DoubleClick Sells @plan to NetRatings

DoubleClick has sold its @plan research business to NetRatings for $18.5 million in cash and stock, at the same time signing a long-term partnership agreement, which calls for @plan and Nielsen//NetRatings data to be incorporated into the online ad giant’s technology products.

“Audience and media research is a critical component of the ad management process and the integration of this information into DoubleClick’s media planning and serving products creates huge value to our customers,” said Doug Knopper, vice president and general manager of advertiser solutions for DoubleClick.

However critical, the business apparently isn’t right for DoubleClick.
The deal marks the New York-based online ad giant’s divestiture of all of its research business, a process began when it sold its ad effectiveness unit to Dynamic Logic in December 2001. With this sale, DoubleClick has essentially abandoned its once high-priority plans to build a research capability. It has now effectively closed its
Diameter research unit, a division unveiled just a little more than a year ago — the @plan product was its final remaining offering.

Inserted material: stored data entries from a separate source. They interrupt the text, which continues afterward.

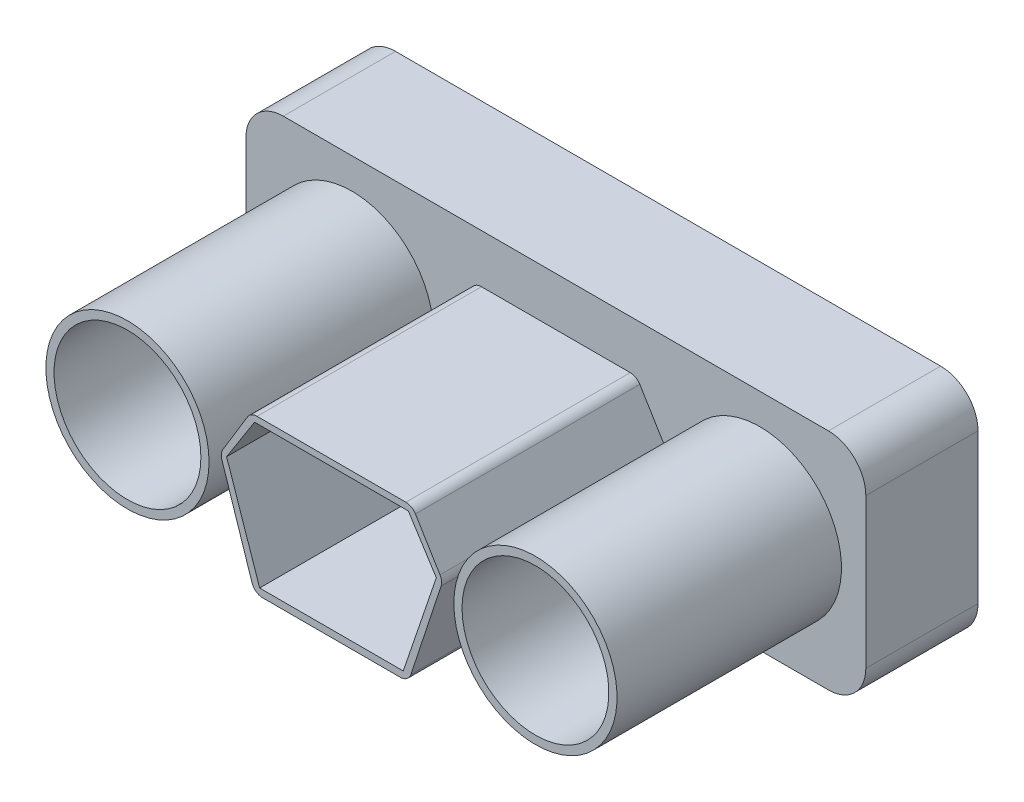
ISO-10303-21;
HEADER;
FILE_DESCRIPTION(('STEP AP214'),'2;1');
FILE_NAME('part.step','',(''),(''),'','','');
FILE_SCHEMA(('AUTOMOTIVE_DESIGN { 1 0 10303 214 1 1 1 1 }'));
ENDSEC;
DATA;
#1=APPLICATION_CONTEXT('core data for automotive mechanical design processes');
#2=APPLICATION_PROTOCOL_DEFINITION('international standard','automotive_design',2000,#1);
#3=PRODUCT_CONTEXT('',#1,'mechanical');
#4=PRODUCT('Part','Part','',(#3));
#5=PRODUCT_RELATED_PRODUCT_CATEGORY('part','',(#4));
#6=PRODUCT_DEFINITION_FORMATION('','',#4);
#7=PRODUCT_DEFINITION_CONTEXT('part definition',#1,'design');
#8=PRODUCT_DEFINITION('design','',#6,#7);
#9=PRODUCT_DEFINITION_SHAPE('','',#8);
#10=(LENGTH_UNIT() NAMED_UNIT(*) SI_UNIT(.MILLI.,.METRE.));
#11=(NAMED_UNIT(*) PLANE_ANGLE_UNIT() SI_UNIT($,.RADIAN.));
#12=(NAMED_UNIT(*) SI_UNIT($,.STERADIAN.) SOLID_ANGLE_UNIT());
#13=UNCERTAINTY_MEASURE_WITH_UNIT(LENGTH_MEASURE(1.E-05),#10,'distance_accuracy_value','');
#14=(GEOMETRIC_REPRESENTATION_CONTEXT(3) GLOBAL_UNCERTAINTY_ASSIGNED_CONTEXT((#13)) GLOBAL_UNIT_ASSIGNED_CONTEXT((#10,
#11,#12)) REPRESENTATION_CONTEXT('',''));
#15=CARTESIAN_POINT('',(0.,0.,0.));
#16=DIRECTION('',(0.,0.,1.));
#17=DIRECTION('',(1.,0.,0.));
#18=AXIS2_PLACEMENT_3D('',#15,#16,#17);
#19=CARTESIAN_POINT('',(0.,0.,3.));
#20=DIRECTION('',(0.,0.,1.));
#21=DIRECTION('',(1.,0.,0.));
#22=AXIS2_PLACEMENT_3D('',#19,#20,#21);
#23=PLANE('',#22);
#24=DIRECTION('',(1.,0.,0.));
#25=VECTOR('',#24,1.);
#26=CARTESIAN_POINT('',(-8.287121405,-3.,3.));
#27=LINE('',#26,#25);
#28=CARTESIAN_POINT('',(-7.287121405,-3.,3.));
#29=VERTEX_POINT('',#28);
#30=CARTESIAN_POINT('',(7.287121405,-3.,3.));
#31=VERTEX_POINT('',#30);
#32=EDGE_CURVE('E371',#29,#31,#27,.T.);
#33=ORIENTED_EDGE('',*,*,#32,.T.);
#34=CARTESIAN_POINT('',(7.287121405,-2.,3.));
#35=DIRECTION('',(0.,0.,1.));
#36=DIRECTION('',(1.,0.,0.));
#37=AXIS2_PLACEMENT_3D('',#34,#35,#36);
#38=CIRCLE('',#37,1.);
#39=CARTESIAN_POINT('',(8.287121405,-2.,3.));
#40=VERTEX_POINT('',#39);
#41=EDGE_CURVE('E432',#31,#40,#38,.T.);
#42=ORIENTED_EDGE('',*,*,#41,.T.);
#43=DIRECTION('',(0.,1.,0.));
#44=VECTOR('',#43,1.);
#45=CARTESIAN_POINT('',(8.287121405,3.,3.));
#46=LINE('',#45,#44);
#47=CARTESIAN_POINT('',(8.287121405,2.,3.));
#48=VERTEX_POINT('',#47);
#49=EDGE_CURVE('E358',#40,#48,#46,.T.);
#50=ORIENTED_EDGE('',*,*,#49,.T.);
#51=CARTESIAN_POINT('',(7.287121405,2.,3.));
#52=DIRECTION('',(0.,0.,1.));
#53=DIRECTION('',(1.,0.,0.));
#54=AXIS2_PLACEMENT_3D('',#51,#52,#53);
#55=CIRCLE('',#54,1.);
#56=CARTESIAN_POINT('',(7.287121405,3.,3.));
#57=VERTEX_POINT('',#56);
#58=EDGE_CURVE('E429',#48,#57,#55,.T.);
#59=ORIENTED_EDGE('',*,*,#58,.T.);
#60=DIRECTION('',(-1.,0.,0.));
#61=VECTOR('',#60,1.);
#62=CARTESIAN_POINT('',(-8.287121405,3.,3.));
#63=LINE('',#62,#61);
#64=CARTESIAN_POINT('',(-7.287121405,3.,3.));
#65=VERTEX_POINT('',#64);
#66=EDGE_CURVE('E362',#57,#65,#63,.T.);
#67=ORIENTED_EDGE('',*,*,#66,.T.);
#68=CARTESIAN_POINT('',(-7.287121405,2.,3.));
#69=DIRECTION('',(0.,0.,1.));
#70=DIRECTION('',(1.,0.,0.));
#71=AXIS2_PLACEMENT_3D('',#68,#69,#70);
#72=CIRCLE('',#71,1.);
#73=CARTESIAN_POINT('',(-8.287121405,2.,3.));
#74=VERTEX_POINT('',#73);
#75=EDGE_CURVE('E423',#65,#74,#72,.T.);
#76=ORIENTED_EDGE('',*,*,#75,.T.);
#77=DIRECTION('',(0.,-1.,0.));
#78=VECTOR('',#77,1.);
#79=CARTESIAN_POINT('',(-8.287121405,3.,3.));
#80=LINE('',#79,#78);
#81=CARTESIAN_POINT('',(-8.287121405,-2.,3.));
#82=VERTEX_POINT('',#81);
#83=EDGE_CURVE('E367',#74,#82,#80,.T.);
#84=ORIENTED_EDGE('',*,*,#83,.T.);
#85=CARTESIAN_POINT('',(-7.287121405,-2.,3.));
#86=DIRECTION('',(0.,0.,1.));
#87=DIRECTION('',(1.,0.,0.));
#88=AXIS2_PLACEMENT_3D('',#85,#86,#87);
#89=CIRCLE('',#88,1.);
#90=EDGE_CURVE('E426',#82,#29,#89,.T.);
#91=ORIENTED_EDGE('',*,*,#90,.T.);
#92=EDGE_LOOP('',(#33,#42,#50,#59,#67,#76,#84,#91));
#93=FACE_BOUND('',#92,.T.);
#94=CARTESIAN_POINT('',(-5.4542563943208,0.,3.));
#95=DIRECTION('',(0.,0.,1.));
#96=DIRECTION('',(1.,0.,0.));
#97=AXIS2_PLACEMENT_3D('',#94,#95,#96);
#98=CIRCLE('',#97,2.18179783482328);
#99=CARTESIAN_POINT('',(-3.27245855949752,0.,3.));
#100=VERTEX_POINT('',#99);
#101=EDGE_CURVE('E349',#100,#100,#98,.T.);
#102=ORIENTED_EDGE('',*,*,#101,.F.);
#103=EDGE_LOOP('',(#102));
#104=FACE_BOUND('',#103,.T.);
#105=CARTESIAN_POINT('',(5.4542563943208,0.,3.));
#106=DIRECTION('',(0.,0.,1.));
#107=DIRECTION('',(-1.,0.,0.));
#108=AXIS2_PLACEMENT_3D('',#105,#106,#107);
#109=CIRCLE('',#108,2.18179783482328);
#110=CARTESIAN_POINT('',(3.27245855949752,0.,3.));
#111=VERTEX_POINT('',#110);
#112=EDGE_CURVE('E337',#111,#111,#109,.T.);
#113=ORIENTED_EDGE('',*,*,#112,.F.);
#114=EDGE_LOOP('',(#113));
#115=FACE_BOUND('',#114,.T.);
#116=DIRECTION('',(0.312750637447262,-0.949835269284275,0.));
#117=VECTOR('',#116,1.);
#118=CARTESIAN_POINT('',(-2.05596580595893,-2.42977777067873,3.));
#119=LINE('',#118,#117);
#120=CARTESIAN_POINT('',(-2.93024258588437,0.225433190576301,3.));
#121=VERTEX_POINT('',#120);
#122=CARTESIAN_POINT('',(-2.12385263323548,-2.22360296191291,3.));
#123=VERTEX_POINT('',#122);
#124=EDGE_CURVE('E316',#121,#123,#119,.T.);
#125=ORIENTED_EDGE('',*,*,#124,.F.);
#126=CARTESIAN_POINT('',(-2.64529200509909,0.31925838181048,3.));
#127=DIRECTION('',(0.,0.,1.));
#128=DIRECTION('',(1.,0.,0.));
#129=AXIS2_PLACEMENT_3D('',#126,#127,#128);
#130=CIRCLE('',#129,0.3);
#131=CARTESIAN_POINT('',(-2.90167682777131,0.475036501915119,3.));
#132=VERTEX_POINT('',#131);
#133=EDGE_CURVE('E508',#121,#132,#130,.F.);
#134=ORIENTED_EDGE('',*,*,#133,.T.);
#135=DIRECTION('',(-0.519260400348797,-0.85461607557406,0.));
#136=VECTOR('',#135,1.);
#137=CARTESIAN_POINT('',(-2.97350426481664,0.356820511778007,3.));
#138=LINE('',#137,#136);
#139=CARTESIAN_POINT('',(-2.24554300759684,1.55492341428559,3.));
#140=VERTEX_POINT('',#139);
#141=EDGE_CURVE('E233',#140,#132,#138,.T.);
#142=ORIENTED_EDGE('',*,*,#141,.F.);
#143=CARTESIAN_POINT('',(-1.98915818492463,1.39914529418095,3.));
#144=DIRECTION('',(0.,0.,1.));
#145=DIRECTION('',(1.,0.,0.));
#146=AXIS2_PLACEMENT_3D('',#143,#144,#145);
#147=CIRCLE('',#146,0.3);
#148=CARTESIAN_POINT('',(-1.98915818492463,1.69914529418095,3.));
#149=VERTEX_POINT('',#148);
#150=EDGE_CURVE('E11',#140,#149,#147,.F.);
#151=ORIENTED_EDGE('',*,*,#150,.T.);
#152=DIRECTION('',(-1.,0.,0.));
#153=VECTOR('',#152,1.);
#154=CARTESIAN_POINT('',(2.15791452360979,1.69914529418095,3.));
#155=LINE('',#154,#153);
#156=CARTESIAN_POINT('',(1.98915818492463,1.69914529418095,3.));
#157=VERTEX_POINT('',#156);
#158=EDGE_CURVE('E292',#157,#149,#155,.T.);
#159=ORIENTED_EDGE('',*,*,#158,.F.);
#160=CARTESIAN_POINT('',(1.98915818492463,1.39914529418095,3.));
#161=DIRECTION('',(0.,0.,1.));
#162=DIRECTION('',(1.,0.,0.));
#163=AXIS2_PLACEMENT_3D('',#160,#161,#162);
#164=CIRCLE('',#163,0.3);
#165=CARTESIAN_POINT('',(2.24554300759684,1.55492341428559,3.));
#166=VERTEX_POINT('',#165);
#167=EDGE_CURVE('E47',#157,#166,#164,.F.);
#168=ORIENTED_EDGE('',*,*,#167,.T.);
#169=DIRECTION('',(-0.519260400348797,0.85461607557406,0.));
#170=VECTOR('',#169,1.);
#171=CARTESIAN_POINT('',(2.97350426481664,0.356820511778007,3.));
#172=LINE('',#171,#170);
#173=CARTESIAN_POINT('',(2.90167682777131,0.475036501915119,3.));
#174=VERTEX_POINT('',#173);
#175=EDGE_CURVE('E328',#174,#166,#172,.T.);
#176=ORIENTED_EDGE('',*,*,#175,.F.);
#177=CARTESIAN_POINT('',(2.64529200509909,0.31925838181048,3.));
#178=DIRECTION('',(0.,0.,1.));
#179=DIRECTION('',(1.,0.,0.));
#180=AXIS2_PLACEMENT_3D('',#177,#178,#179);
#181=CIRCLE('',#180,0.3);
#182=CARTESIAN_POINT('',(2.93024258588437,0.225433190576301,3.));
#183=VERTEX_POINT('',#182);
#184=EDGE_CURVE('E517',#174,#183,#181,.F.);
#185=ORIENTED_EDGE('',*,*,#184,.T.);
#186=DIRECTION('',(0.312750637447262,0.949835269284275,0.));
#187=VECTOR('',#186,1.);
#188=CARTESIAN_POINT('',(2.05596580595893,-2.42977777067873,3.));
#189=LINE('',#188,#187);
#190=CARTESIAN_POINT('',(2.12385263323548,-2.22360296191291,3.));
#191=VERTEX_POINT('',#190);
#192=EDGE_CURVE('E324',#191,#183,#189,.T.);
#193=ORIENTED_EDGE('',*,*,#192,.F.);
#194=CARTESIAN_POINT('',(1.8389020524502,-2.12977777067873,3.));
#195=DIRECTION('',(0.,0.,1.));
#196=DIRECTION('',(1.,0.,0.));
#197=AXIS2_PLACEMENT_3D('',#194,#195,#196);
#198=CIRCLE('',#197,0.3);
#199=CARTESIAN_POINT('',(1.8389020524502,-2.42977777067873,3.));
#200=VERTEX_POINT('',#199);
#201=EDGE_CURVE('E514',#191,#200,#198,.F.);
#202=ORIENTED_EDGE('',*,*,#201,.T.);
#203=DIRECTION('',(1.,0.,0.));
#204=VECTOR('',#203,1.);
#205=CARTESIAN_POINT('',(-2.05596580595893,-2.42977777067873,3.));
#206=LINE('',#205,#204);
#207=CARTESIAN_POINT('',(-1.8389020524502,-2.42977777067873,3.));
#208=VERTEX_POINT('',#207);
#209=EDGE_CURVE('E320',#208,#200,#206,.T.);
#210=ORIENTED_EDGE('',*,*,#209,.F.);
#211=CARTESIAN_POINT('',(-1.8389020524502,-2.12977777067873,3.));
#212=DIRECTION('',(0.,0.,1.));
#213=DIRECTION('',(1.,0.,0.));
#214=AXIS2_PLACEMENT_3D('',#211,#212,#213);
#215=CIRCLE('',#214,0.3);
#216=EDGE_CURVE('E511',#208,#123,#215,.F.);
#217=ORIENTED_EDGE('',*,*,#216,.T.);
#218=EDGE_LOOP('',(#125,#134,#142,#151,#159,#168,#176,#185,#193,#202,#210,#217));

Under the terms of the agreement, Nielsen//NetRatings and @plan research will be integrated into DoubleClick’s DART ad serving system, and into its MediaVisor media planning tool. @plan provides media planners and buyers with user lifestyle, demographic and attitudinal information, while Nielsen//NetRatings offers data about Web site traffic and — through its newly-acquired AdRelevance division — information about online advertising. The two companies plan to collaborate on developing reach and frequency campaign planning products.

The agreement with NetRatings also can be seen as DoubleClick effectively placing its “seal of approval” on the company’s audience measurement services. The blessing of the largest online advertising player boosts NetRatings’ credibility at a time when its rival, Jupiter Media Metrix, is suffering financial difficulties.

“This relationship further strengthens our position as the global standard in Internet media and market research,” said William Pulver, president and CEO of NetRatings.

For DoubleClick, the deal continues its efforts to reduce its dependence on non-tech revenues, and to concentrate on its core products. In recent months, DoubleClick has shifted its strategy somewhat, forging more strategic alliances rather than keeping capabilities in-house.

The Dynamic Logic transaction, in which DoubleClick took a 10 percent stake in the smaller research firm, is a classic example of this type of relationship. DoubleClick forged a similar agreement with German Web ad firm AdLINK, offloading its European media network and taking a stake in the buyer. Other strategic relationships for DoubleClick include alliances with Solbright, comScore, CentrPort, and Poindexter Systems.

Both DoubleClick’s and NetRatings’ stock prices were down slightly ($0.10 and $0.23, respectively) at press time.